At first we’re genuinely charmed by Stéphane’s character — especially as compared to the hard-bitten, unscrupulous, ambitious aspiring actors Bernal played in Bad Education and dot the i — and we want to see him learn what he has to from his dream world, mature as an adult human being and end up with Stéphanie at the end. The problem with this film is that he doesn’t: he doesn’t grow, he doesn’t change, he doesn’t do anything. He just slacks off more and more on his job and alienates Stéphanie with gross physical references to her body in the manner of an eleven-year-old boy on a school playground taking out his first twinges of puberty on the girls his age. As the movie progresses — or at least unreels — Stéphanie gets more and more alienated by his boorish immaturity — and so does the audience, until by the end both she and we are glad to be rid of him.

Gondry’s inability — or unwillingness — to let his central character grow up makes it impossible to enjoy The Science of Sleep, despite its visual elegance and funny gags. It may seem strange that a sophisticated Latin American actor like Bernal comes off as more of a boor than Jim Carrey did in a similarly themed film by the same director, but that’s what happens. The characters in Eternal Sunshine, with their desperate desires to regain the memories artificially pumped out of them, touch the audience in ways that Gondry’s puppets in Science of Sleep do not. Gondry came to film directing via music videos, and it shows in his airy indifference to dramatic sense and his willingness to move his story in any direction that momentarily suits his desire for striking visual images — but whereas other music-video directors who’ve attempted feature films have had a problem with keeping their characters consistent, Science of Sleep errs in the opposite direction: Stéphane is too consistent, and we get tired of seeing him make the same mistakes over and over.

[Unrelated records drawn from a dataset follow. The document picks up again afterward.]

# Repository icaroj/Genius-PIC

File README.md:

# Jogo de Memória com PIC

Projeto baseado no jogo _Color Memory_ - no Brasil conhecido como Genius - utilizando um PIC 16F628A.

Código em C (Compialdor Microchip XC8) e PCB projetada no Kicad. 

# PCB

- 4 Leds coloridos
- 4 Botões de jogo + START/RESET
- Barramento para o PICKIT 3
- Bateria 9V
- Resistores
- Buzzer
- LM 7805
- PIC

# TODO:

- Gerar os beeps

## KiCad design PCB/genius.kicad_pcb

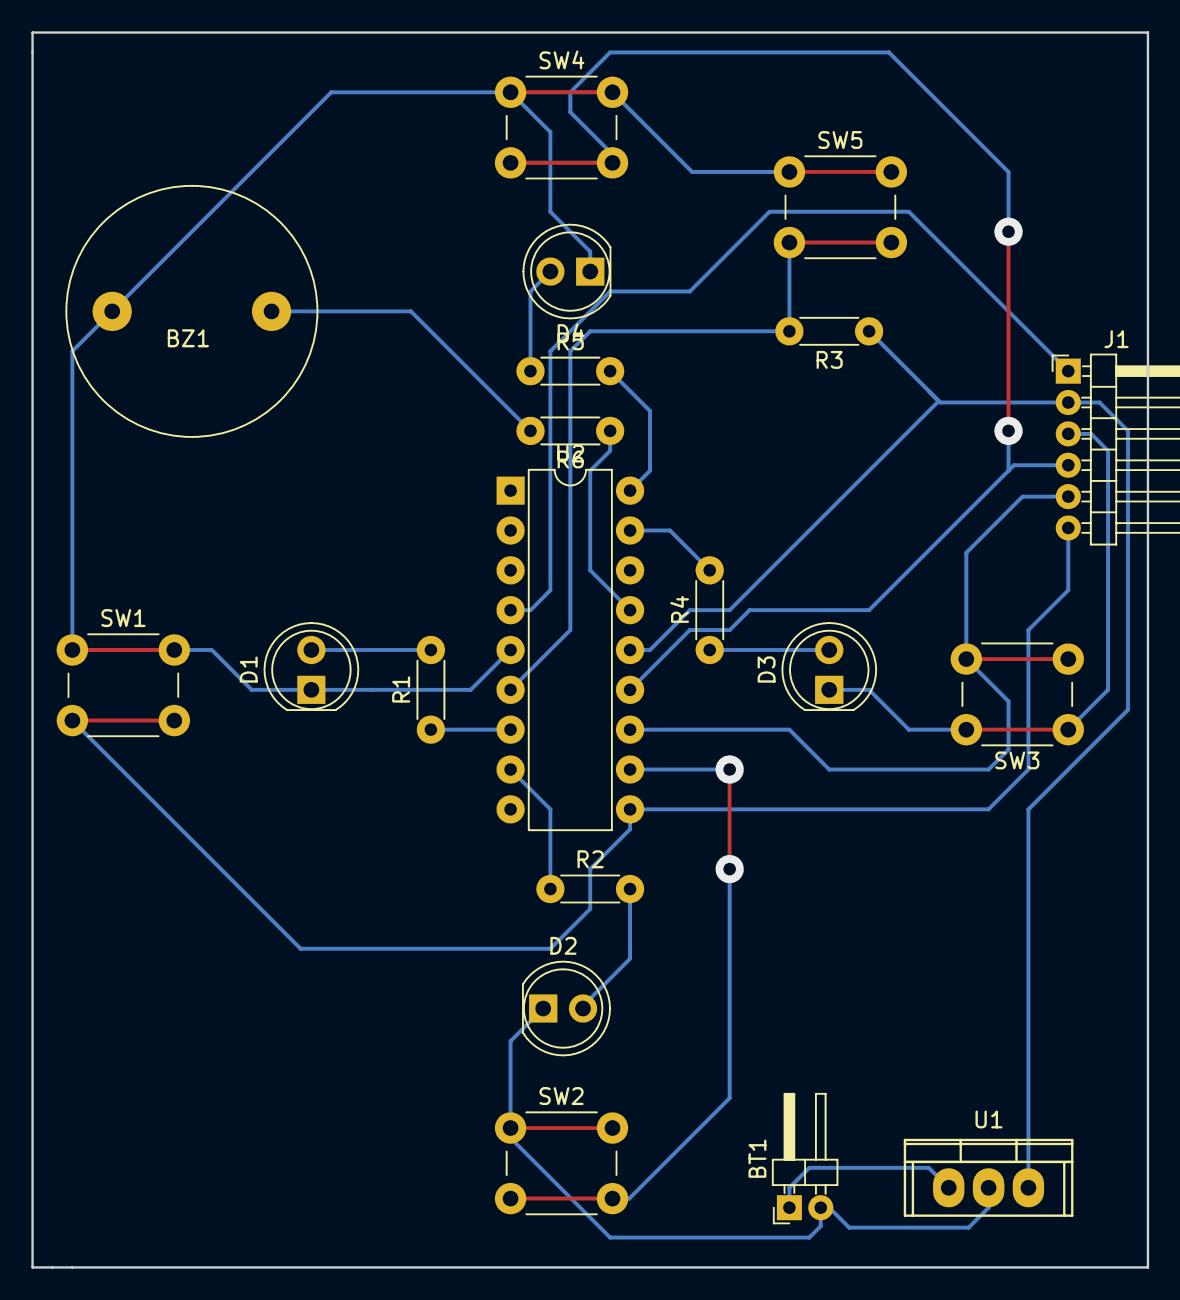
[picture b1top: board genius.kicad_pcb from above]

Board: 2 copper layers, 71.1 x 78.7 mm, 20 parts (0 on the bottom side), 19 nets.

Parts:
BT1: Battery; Pin_Header_Angled_1x02_Pitch2.00mm
BZ1: Buzzer; BUZZER
D1, D2, D3, D4: LED; LED_D5.0mm
J1: PICKIT3_CONN; Pin_Header_Angled_1x06_Pitch2.00mm
R1, R2, R4, R5: 220; R_Axial_DIN0204_L3.6mm_D1.6mm_P5.08mm_Horizontal
R3: 6k8; R_Axial_DIN0204_L3.6mm_D1.6mm_P5.08mm_Horizontal
R6: 100; R_Axial_DIN0204_L3.6mm_D1.6mm_P5.08mm_Horizontal
SW1, SW2, SW3, SW4, SW5: SW_Push; SW_PUSH_6mm
U1: L7805; TO-220
U2: PIC16(L)F628A-I/P; DIP-18_W7.62mm

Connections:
/MCLR: J1.1, U2.4
/PGC: J1.5, SW3.2, U2.12
/PGD: J1.4, SW4.2, U2.13
/PGM: J1.6, SW1.2, U2.10
GND: BT1.2, BZ1.2, D1.1, D2.1, D3.1, D4.1, J1.3, SW1.1, SW2.1, SW3.1, SW4.1, SW5.1, U1.2, U2.5
unnamed: BT1.1, U1.1
unnamed: BZ1.1, R6.2
unnamed: D1.2, R1.2
unnamed: D2.2, R2.2
unnamed: D3.2, R4.1
unnamed: D4.2, R5.1
unnamed: R1.1, U2.7
unnamed: R2.1, U2.8
unnamed: R3.2, SW5.2, U2.6
unnamed: R4.2, U2.17
unnamed: R5.2, U2.18
unnamed: R6.1, U2.15
unnamed: SW2.2, U2.11
VCC: J1.2, R3.1, U1.3, U2.14

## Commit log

2017-10-02 Botoes adicionados
2017-10-03 Com botoes funcionando e algumas partes comentadas por causa dos testes...
2017-10-03 Jogo praticamente pronto com botoes, sequencia aleatoria e botao reset. Falta o buzzer/beeps.
2017-10-06 sem som por enquanto...
2017-10-06 sem som.
2017-10-06 READ me melhorado
2017-10-12 Rev. PCB
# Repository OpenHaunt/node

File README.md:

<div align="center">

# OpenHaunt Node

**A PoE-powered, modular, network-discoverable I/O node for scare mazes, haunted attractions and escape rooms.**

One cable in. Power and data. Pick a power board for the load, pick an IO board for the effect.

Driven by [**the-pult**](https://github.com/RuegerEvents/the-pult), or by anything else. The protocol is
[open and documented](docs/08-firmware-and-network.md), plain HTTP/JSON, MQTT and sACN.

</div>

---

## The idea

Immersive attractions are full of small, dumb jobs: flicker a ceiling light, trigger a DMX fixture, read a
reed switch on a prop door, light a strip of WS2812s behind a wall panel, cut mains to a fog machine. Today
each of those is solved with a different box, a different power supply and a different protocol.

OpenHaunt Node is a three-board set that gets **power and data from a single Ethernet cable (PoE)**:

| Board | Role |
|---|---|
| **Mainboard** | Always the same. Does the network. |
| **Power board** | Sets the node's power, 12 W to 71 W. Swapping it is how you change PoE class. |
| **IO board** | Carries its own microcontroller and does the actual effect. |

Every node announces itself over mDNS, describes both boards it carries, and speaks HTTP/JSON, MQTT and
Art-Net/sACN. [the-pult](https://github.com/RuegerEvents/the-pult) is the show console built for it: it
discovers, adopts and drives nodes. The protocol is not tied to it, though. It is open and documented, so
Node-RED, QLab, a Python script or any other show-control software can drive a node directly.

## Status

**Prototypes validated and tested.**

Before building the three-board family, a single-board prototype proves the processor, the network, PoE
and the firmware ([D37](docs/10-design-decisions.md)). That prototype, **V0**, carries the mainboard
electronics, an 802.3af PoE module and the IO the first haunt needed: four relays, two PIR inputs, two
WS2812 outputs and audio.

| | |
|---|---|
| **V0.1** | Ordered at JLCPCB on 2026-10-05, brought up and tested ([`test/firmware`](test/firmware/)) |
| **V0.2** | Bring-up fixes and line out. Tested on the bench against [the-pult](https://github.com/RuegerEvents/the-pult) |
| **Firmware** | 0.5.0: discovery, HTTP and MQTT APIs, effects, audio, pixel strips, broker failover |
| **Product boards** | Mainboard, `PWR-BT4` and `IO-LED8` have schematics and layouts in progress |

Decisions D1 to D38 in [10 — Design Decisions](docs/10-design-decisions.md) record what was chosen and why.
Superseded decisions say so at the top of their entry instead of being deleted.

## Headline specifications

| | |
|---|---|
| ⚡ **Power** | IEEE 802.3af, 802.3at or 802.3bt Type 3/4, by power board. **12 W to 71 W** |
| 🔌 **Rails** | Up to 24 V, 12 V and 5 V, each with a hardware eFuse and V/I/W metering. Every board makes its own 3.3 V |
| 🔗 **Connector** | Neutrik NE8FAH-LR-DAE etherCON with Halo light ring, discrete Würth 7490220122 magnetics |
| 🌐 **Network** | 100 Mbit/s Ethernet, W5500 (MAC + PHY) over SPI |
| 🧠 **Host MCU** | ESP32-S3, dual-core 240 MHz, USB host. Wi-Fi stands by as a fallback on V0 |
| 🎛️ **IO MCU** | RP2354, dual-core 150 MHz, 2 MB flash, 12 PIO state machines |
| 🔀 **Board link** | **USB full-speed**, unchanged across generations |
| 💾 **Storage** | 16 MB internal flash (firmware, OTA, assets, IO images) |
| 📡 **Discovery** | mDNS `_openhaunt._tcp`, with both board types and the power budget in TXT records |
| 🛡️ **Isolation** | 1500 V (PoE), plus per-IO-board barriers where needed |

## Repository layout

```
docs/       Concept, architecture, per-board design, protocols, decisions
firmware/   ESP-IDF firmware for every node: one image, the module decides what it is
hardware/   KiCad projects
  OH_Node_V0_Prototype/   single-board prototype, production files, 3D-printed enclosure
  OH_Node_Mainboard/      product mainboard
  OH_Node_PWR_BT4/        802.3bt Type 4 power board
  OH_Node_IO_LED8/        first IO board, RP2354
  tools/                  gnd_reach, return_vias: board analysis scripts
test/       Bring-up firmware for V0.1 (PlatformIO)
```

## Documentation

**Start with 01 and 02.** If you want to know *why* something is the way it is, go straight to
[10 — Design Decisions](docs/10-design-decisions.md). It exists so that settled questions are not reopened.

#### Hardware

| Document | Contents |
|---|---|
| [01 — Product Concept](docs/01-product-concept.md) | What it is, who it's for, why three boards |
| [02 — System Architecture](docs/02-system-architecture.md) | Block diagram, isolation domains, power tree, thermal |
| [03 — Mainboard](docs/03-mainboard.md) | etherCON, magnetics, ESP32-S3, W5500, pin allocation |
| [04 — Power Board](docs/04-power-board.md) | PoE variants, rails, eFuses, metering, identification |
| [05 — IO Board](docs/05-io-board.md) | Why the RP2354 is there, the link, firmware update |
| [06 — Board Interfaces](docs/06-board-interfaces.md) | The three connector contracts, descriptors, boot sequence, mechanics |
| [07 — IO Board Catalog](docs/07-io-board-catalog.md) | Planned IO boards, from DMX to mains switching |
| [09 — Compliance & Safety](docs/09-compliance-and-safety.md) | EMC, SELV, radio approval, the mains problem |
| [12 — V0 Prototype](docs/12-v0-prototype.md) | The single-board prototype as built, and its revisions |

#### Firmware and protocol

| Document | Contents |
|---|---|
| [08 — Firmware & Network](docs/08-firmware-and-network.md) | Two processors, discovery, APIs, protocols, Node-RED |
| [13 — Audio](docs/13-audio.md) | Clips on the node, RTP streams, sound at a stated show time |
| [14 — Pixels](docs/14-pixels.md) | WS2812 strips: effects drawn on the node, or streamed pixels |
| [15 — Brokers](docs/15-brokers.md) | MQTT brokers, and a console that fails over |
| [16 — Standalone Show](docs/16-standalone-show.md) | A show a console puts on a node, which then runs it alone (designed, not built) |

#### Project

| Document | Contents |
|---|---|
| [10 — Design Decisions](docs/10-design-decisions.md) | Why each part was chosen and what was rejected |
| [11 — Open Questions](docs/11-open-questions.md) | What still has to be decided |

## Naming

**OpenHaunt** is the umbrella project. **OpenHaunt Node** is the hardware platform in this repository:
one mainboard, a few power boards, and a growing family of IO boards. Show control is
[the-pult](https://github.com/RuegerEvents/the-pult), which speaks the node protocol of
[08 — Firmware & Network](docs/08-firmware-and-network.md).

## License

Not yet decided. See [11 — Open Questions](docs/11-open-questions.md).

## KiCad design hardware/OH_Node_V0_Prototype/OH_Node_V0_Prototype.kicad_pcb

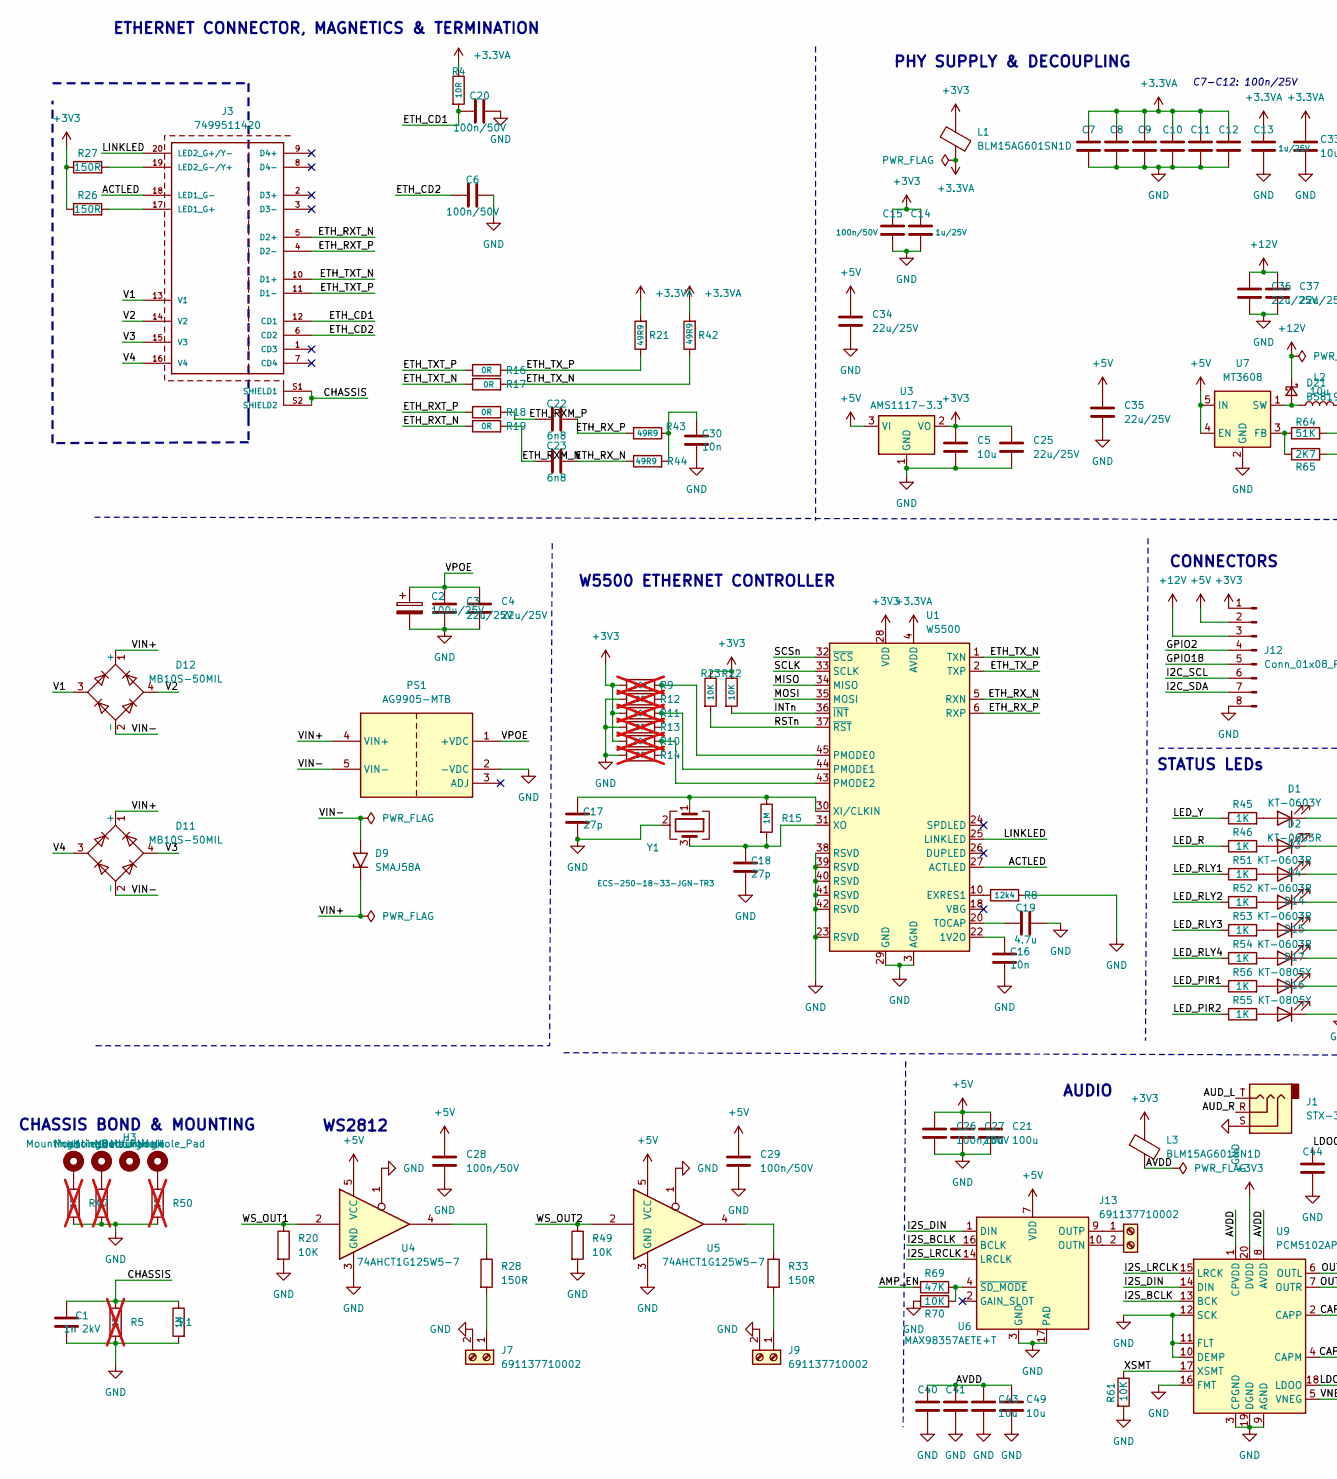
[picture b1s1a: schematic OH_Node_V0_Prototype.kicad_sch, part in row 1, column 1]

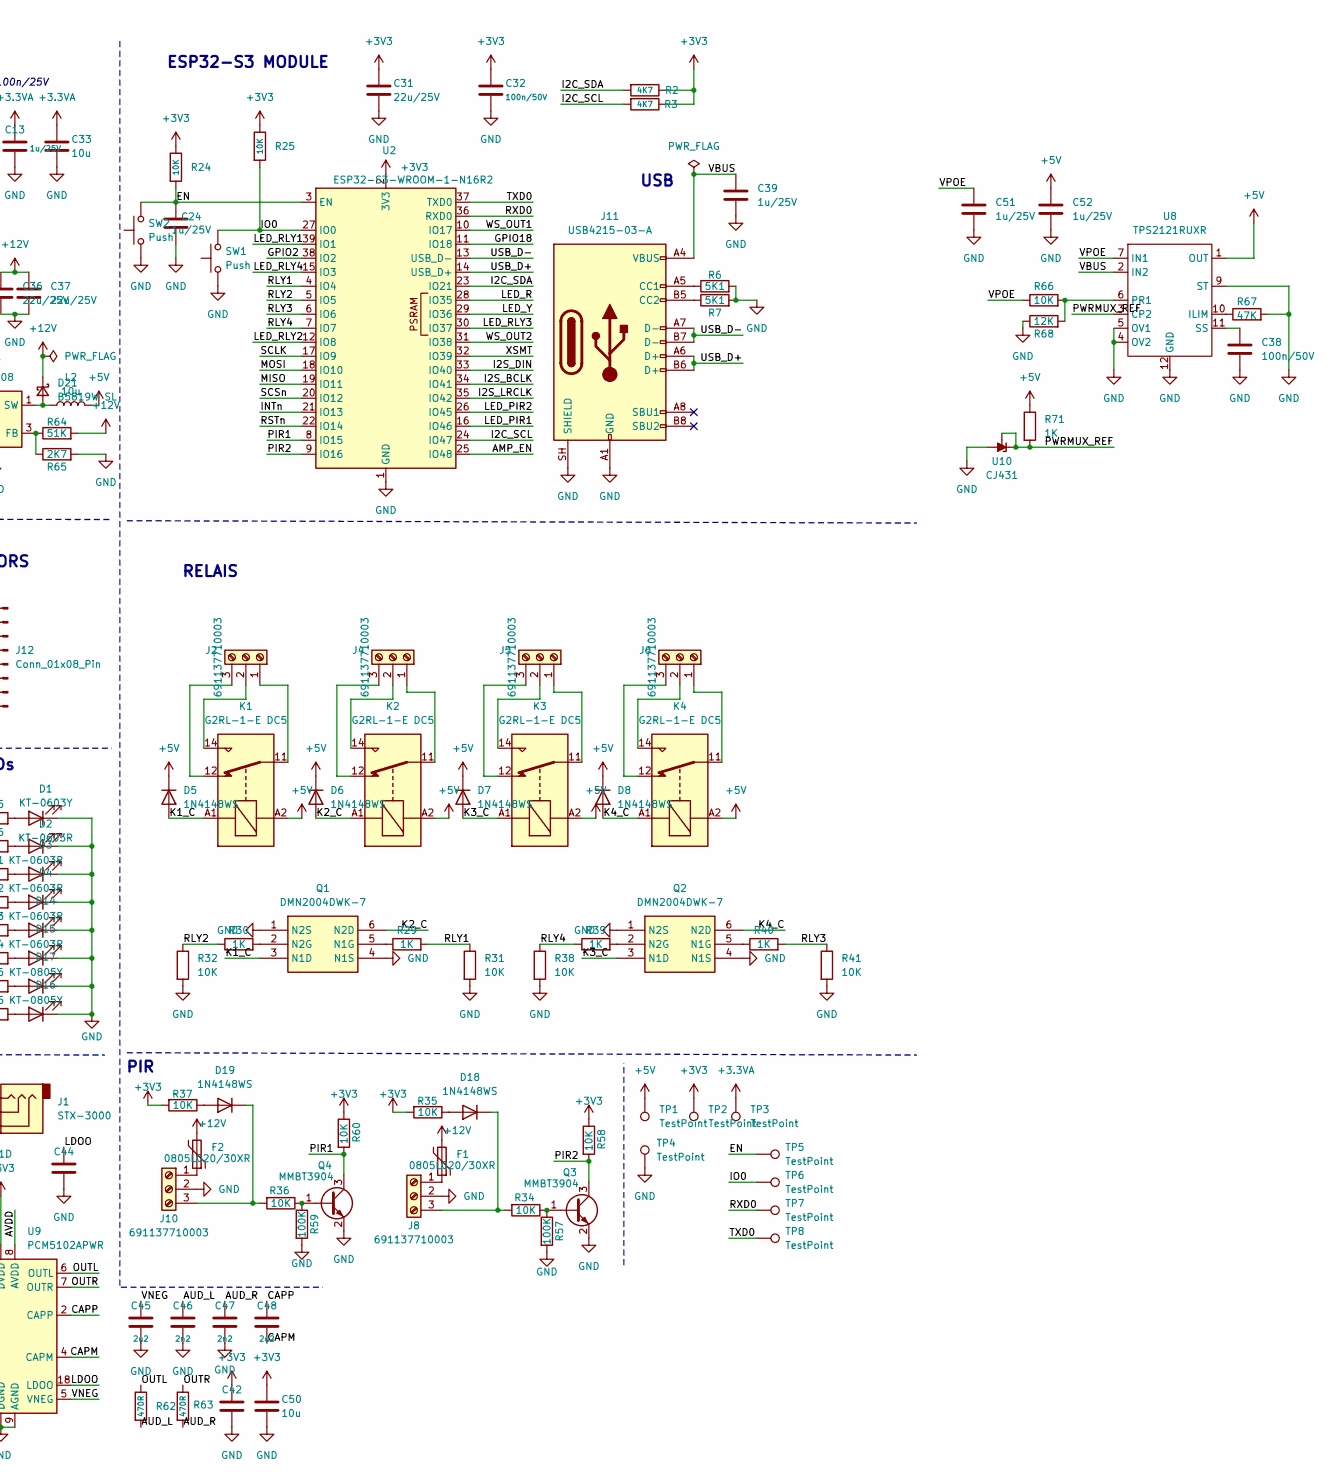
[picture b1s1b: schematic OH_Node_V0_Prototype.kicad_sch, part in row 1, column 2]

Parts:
C1: 1n 2kV; C_1206_3216Metric; MPN 1206B102K202NT
C2: 100u/25V; CP_Elec_6.3x7.7; MPN FP-025ME101M-SAR
C3, C4, C25, C31, C34, C35, C36, C37: 22u/25V; C_0805_2012Metric; MPN CL21A226MAQNNNE
C5, C27, C33, C43, C49, C50: 10u; C_0402_1005Metric; MPN GRM155R61A106ME11D
C6, C7, C8, C9, C10, C11, C12, C15, C20, C26, C28, C29, C32, C38, C40, C41, C42, C44: 100n/50V; C_0402_1005Metric; MPN CL05B104KB54PNC
C13, C14, C24, C39, C51, C52: 1u/25V; C_0402_1005Metric; MPN CL05A105KA5NQNC
C16, C30: 10n; C_0402_1005Metric; MPN CL05B103KB5NNNC
C17, C18: 27p; C_0402_1005Metric; MPN 0402CG270J500NT
C19: 4.7u; C_0805_2012Metric; MPN CL21A475KAQNNNE
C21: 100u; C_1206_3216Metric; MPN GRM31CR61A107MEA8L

Buster Keaton’s 1924 Sherlock, Jr. remains the greatest dream comedy ever put on film; like Stéphane, Keaton’s character is a naïf, unable to relate normally to women (or anyone else), who assumes an air of potency and power when, falling asleep while running a movie in a small-town theatre (he works as the projectionist), he literally dreams his way into the movie he’s showing. As director, writer and star, Keaton shows a dazzling imagination far beyond Gondry’s, shooting his character’s dream with real-looking people and props that make the tension between real-reality and dream-reality that much more excruciating and hilarious. Gondry has a real sense of atmosphere — in his evocation of what a publishing company looked like before personal computers and scanners, with pasteup boards and stat cameras, you can practically smell the foul odors coming from the photographic typesetting machines and the chemicals that developed their output into usable galleys — but his movie isn’t anywhere nearly as entertaining as it would have been if he’d just have let Stéphane grow up a little.